What time is it on the moon?

This is where the moonlight comes in. The system may include three navigation satellites and one dedicated communications satellite in lunar orbit. In this way, many satellites can orbit the Earth at any time, and if one orbit fails, the system will be resilient. (Because the Moon has no atmosphere, the satellites are more vulnerable to solar storms and other space weather than GPS or Galileo systems.)

ESA and NASA already have satellites orbiting Earth, so much of the technology needed for moonlighting is already available. But the lunar project has its own problems. For example, if one were to place an atomic clock on the Moon and compare it to the same clock on Earth, the lunar instrument would gain 56 microseconds every 24 hours. That adds up, eventually destroying the accuracy of navigation systems.

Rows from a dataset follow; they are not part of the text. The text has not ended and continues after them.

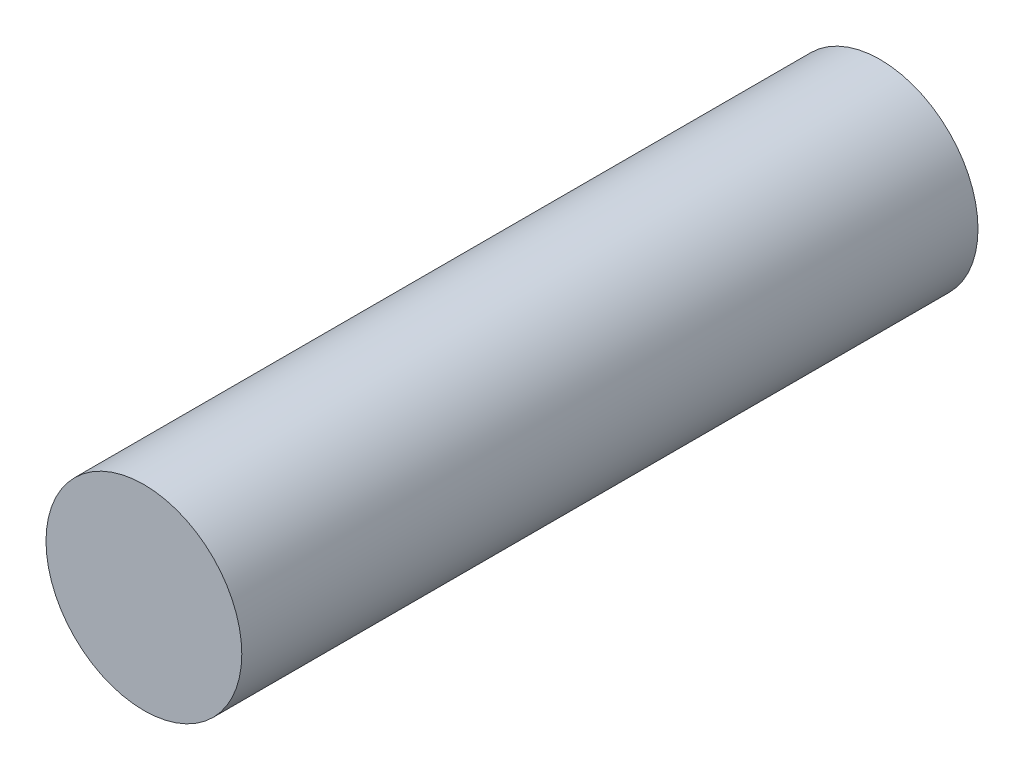
ISO-10303-21;
HEADER;
FILE_DESCRIPTION(('STEP AP214'),'2;1');
FILE_NAME('part.step','',(''),(''),'','','');
FILE_SCHEMA(('AUTOMOTIVE_DESIGN { 1 0 10303 214 1 1 1 1 }'));
ENDSEC;
DATA;
#1=APPLICATION_CONTEXT('core data for automotive mechanical design processes');
#2=APPLICATION_PROTOCOL_DEFINITION('international standard','automotive_design',2000,#1);
#3=PRODUCT_CONTEXT('',#1,'mechanical');
#4=PRODUCT('Part','Part','',(#3));
#5=PRODUCT_RELATED_PRODUCT_CATEGORY('part','',(#4));
#6=PRODUCT_DEFINITION_FORMATION('','',#4);
#7=PRODUCT_DEFINITION_CONTEXT('part definition',#1,'design');
#8=PRODUCT_DEFINITION('design','',#6,#7);
#9=PRODUCT_DEFINITION_SHAPE('','',#8);
#10=(LENGTH_UNIT() NAMED_UNIT(*) SI_UNIT(.MILLI.,.METRE.));
#11=(NAMED_UNIT(*) PLANE_ANGLE_UNIT() SI_UNIT($,.RADIAN.));
#12=(NAMED_UNIT(*) SI_UNIT($,.STERADIAN.) SOLID_ANGLE_UNIT());
#13=UNCERTAINTY_MEASURE_WITH_UNIT(LENGTH_MEASURE(1.E-05),#10,'distance_accuracy_value','');
#14=(GEOMETRIC_REPRESENTATION_CONTEXT(3) GLOBAL_UNCERTAINTY_ASSIGNED_CONTEXT((#13)) GLOBAL_UNIT_ASSIGNED_CONTEXT((#10,
#11,#12)) REPRESENTATION_CONTEXT('',''));
#15=CARTESIAN_POINT('',(0.,0.,0.));
#16=DIRECTION('',(0.,0.,1.));
#17=DIRECTION('',(1.,0.,0.));
#18=AXIS2_PLACEMENT_3D('',#15,#16,#17);
#19=CARTESIAN_POINT('',(0.,0.,48.28));
#20=DIRECTION('',(0.,0.,-1.));
#21=DIRECTION('',(-1.,0.,0.));
#22=AXIS2_PLACEMENT_3D('',#19,#20,#21);
#23=CYLINDRICAL_SURFACE('',#22,6.42);
#24=CARTESIAN_POINT('',(0.,0.,48.28));
#25=DIRECTION('',(0.,0.,1.));
#26=DIRECTION('',(1.,0.,0.));
#27=AXIS2_PLACEMENT_3D('',#24,#25,#26);
#28=CIRCLE('',#27,6.42);
#29=CARTESIAN_POINT('',(6.42,0.,48.28));
#30=VERTEX_POINT('',#29);
#31=EDGE_CURVE('E10',#30,#30,#28,.T.);
#32=ORIENTED_EDGE('',*,*,#31,.F.);
#33=EDGE_LOOP('',(#32));
#34=FACE_BOUND('',#33,.T.);
#35=CARTESIAN_POINT('',(0.,0.,0.));
#36=DIRECTION('',(0.,0.,1.));
#37=DIRECTION('',(1.,0.,0.));
#38=AXIS2_PLACEMENT_3D('',#35,#36,#37);
#39=CIRCLE('',#38,6.42);
#40=CARTESIAN_POINT('',(6.42,0.,0.));
#41=VERTEX_POINT('',#40);
#42=EDGE_CURVE('E46',#41,#41,#39,.T.);
#43=ORIENTED_EDGE('',*,*,#42,.T.);
#44=EDGE_LOOP('',(#43));
#45=FACE_BOUND('',#44,.T.);
#46=ADVANCED_FACE('F43',(#34,#45),#23,.T.);
#47=CARTESIAN_POINT('',(0.,0.,48.28));
#48=DIRECTION('',(0.,0.,1.));
#49=DIRECTION('',(1.,0.,0.));
#50=AXIS2_PLACEMENT_3D('',#47,#48,#49);
#51=PLANE('',#50);
#52=ORIENTED_EDGE('',*,*,#31,.T.);
#53=EDGE_LOOP('',(#52));
#54=FACE_BOUND('',#53,.T.);
#55=ADVANCED_FACE('F60',(#54),#51,.T.);
#56=CARTESIAN_POINT('',(0.,0.,0.));
#57=DIRECTION('',(0.,0.,1.));
#58=DIRECTION('',(1.,0.,0.));
#59=AXIS2_PLACEMENT_3D('',#56,#57,#58);
#60=PLANE('',#59);
#61=ORIENTED_EDGE('',*,*,#42,.F.);
#62=EDGE_LOOP('',(#61));
#63=FACE_BOUND('',#62,.T.);
#64=ADVANCED_FACE('F58',(#63),#60,.F.);
#65=CLOSED_SHELL('',(#46,#55,#64));
#66=MANIFOLD_SOLID_BREP('B2',#65);
#67=ADVANCED_BREP_SHAPE_REPRESENTATION('',(#18,#66),#14);
#68=SHAPE_DEFINITION_REPRESENTATION(#9,#67);
ENDSEC;
END-ISO-10303-21;

This misalignment is caused by general relativity, thanks to the Moon’s low gravity, Patla says. Technically, accurate time measurement comes from an atomic clock in the vacuum of space, which has essentially no gravity. Atomic clocks on Earth are affected by the planet’s gravity, but they are known standards. Lunar time is affected by a different gravitational force that contributes an extra microsecond. Still, it’s not a big problem: the moon phase offset is predictable and can be adjusted.

There is also the question of what orbit those satellites should follow. Most of the satellites around Earth have circular orbits, and this is useful for a population that is sparse at the planet’s poles and spread throughout the mid-latitudes. But realistically, most astronauts in the next decade or two will be stationed near the moon’s south pole because it hosts the water ice that humans need to mine. ESA is looking to deploy its satellites in elliptical orbits so they have more time in the polar regions. Later, the agency and its partners could add satellites in different orbits to better cover other areas and ground stations for added precision.

The satellites use a different frequency (S-band, around 2 to 2.5 MHz) than their Earth counterparts (L-band, around 1 to 1.6 MHz) so that their signals do not interfere with or disrupt Earth-based communications. Future radio telescopes on the far side of the Moon.

ESA plans to launch a technology test satellite, Moonlight Pathfinder, in late 2025, followed by the launch of Moonlight’s “initial operational capability” in late 2027, providing limited communications services and carrying the first navigation signal. . The full constellation of four satellites will be operational by the end of 2030.

And Moonlight won’t be alone. NASA is working on a similar program by developing its own analog system. China’s space agency is also planning a constellation of satellites, some of which could be launched by the end of 2024. The initial goal is to support the Chang’e 6 lunar sample return mission. The Japanese space agency has one in the works, with a demonstration mission scheduled for 2028.

These initiatives will play a fundamental role in the future of space travel, says Ventura-Traveset. Newer spacecraft, including commercial ships, do not require complex, expensive antennas or landing systems. You can easily enter these. “There are over 250 missions to the moon in the next 10 years,” he says. “We must have this infrastructure. It will be an accelerator for the lunar economy.

Philosophically, these programs represent a major shift in the concept of timekeeping, says Nesvold. “For most of human history, we’ve used space to tell time, including plants, stars and phases of the moon,” she says. “We came up with this clock technology relatively recently, which allows us to coordinate with each other without being dependent on space. Now we are applying this technology to the moon.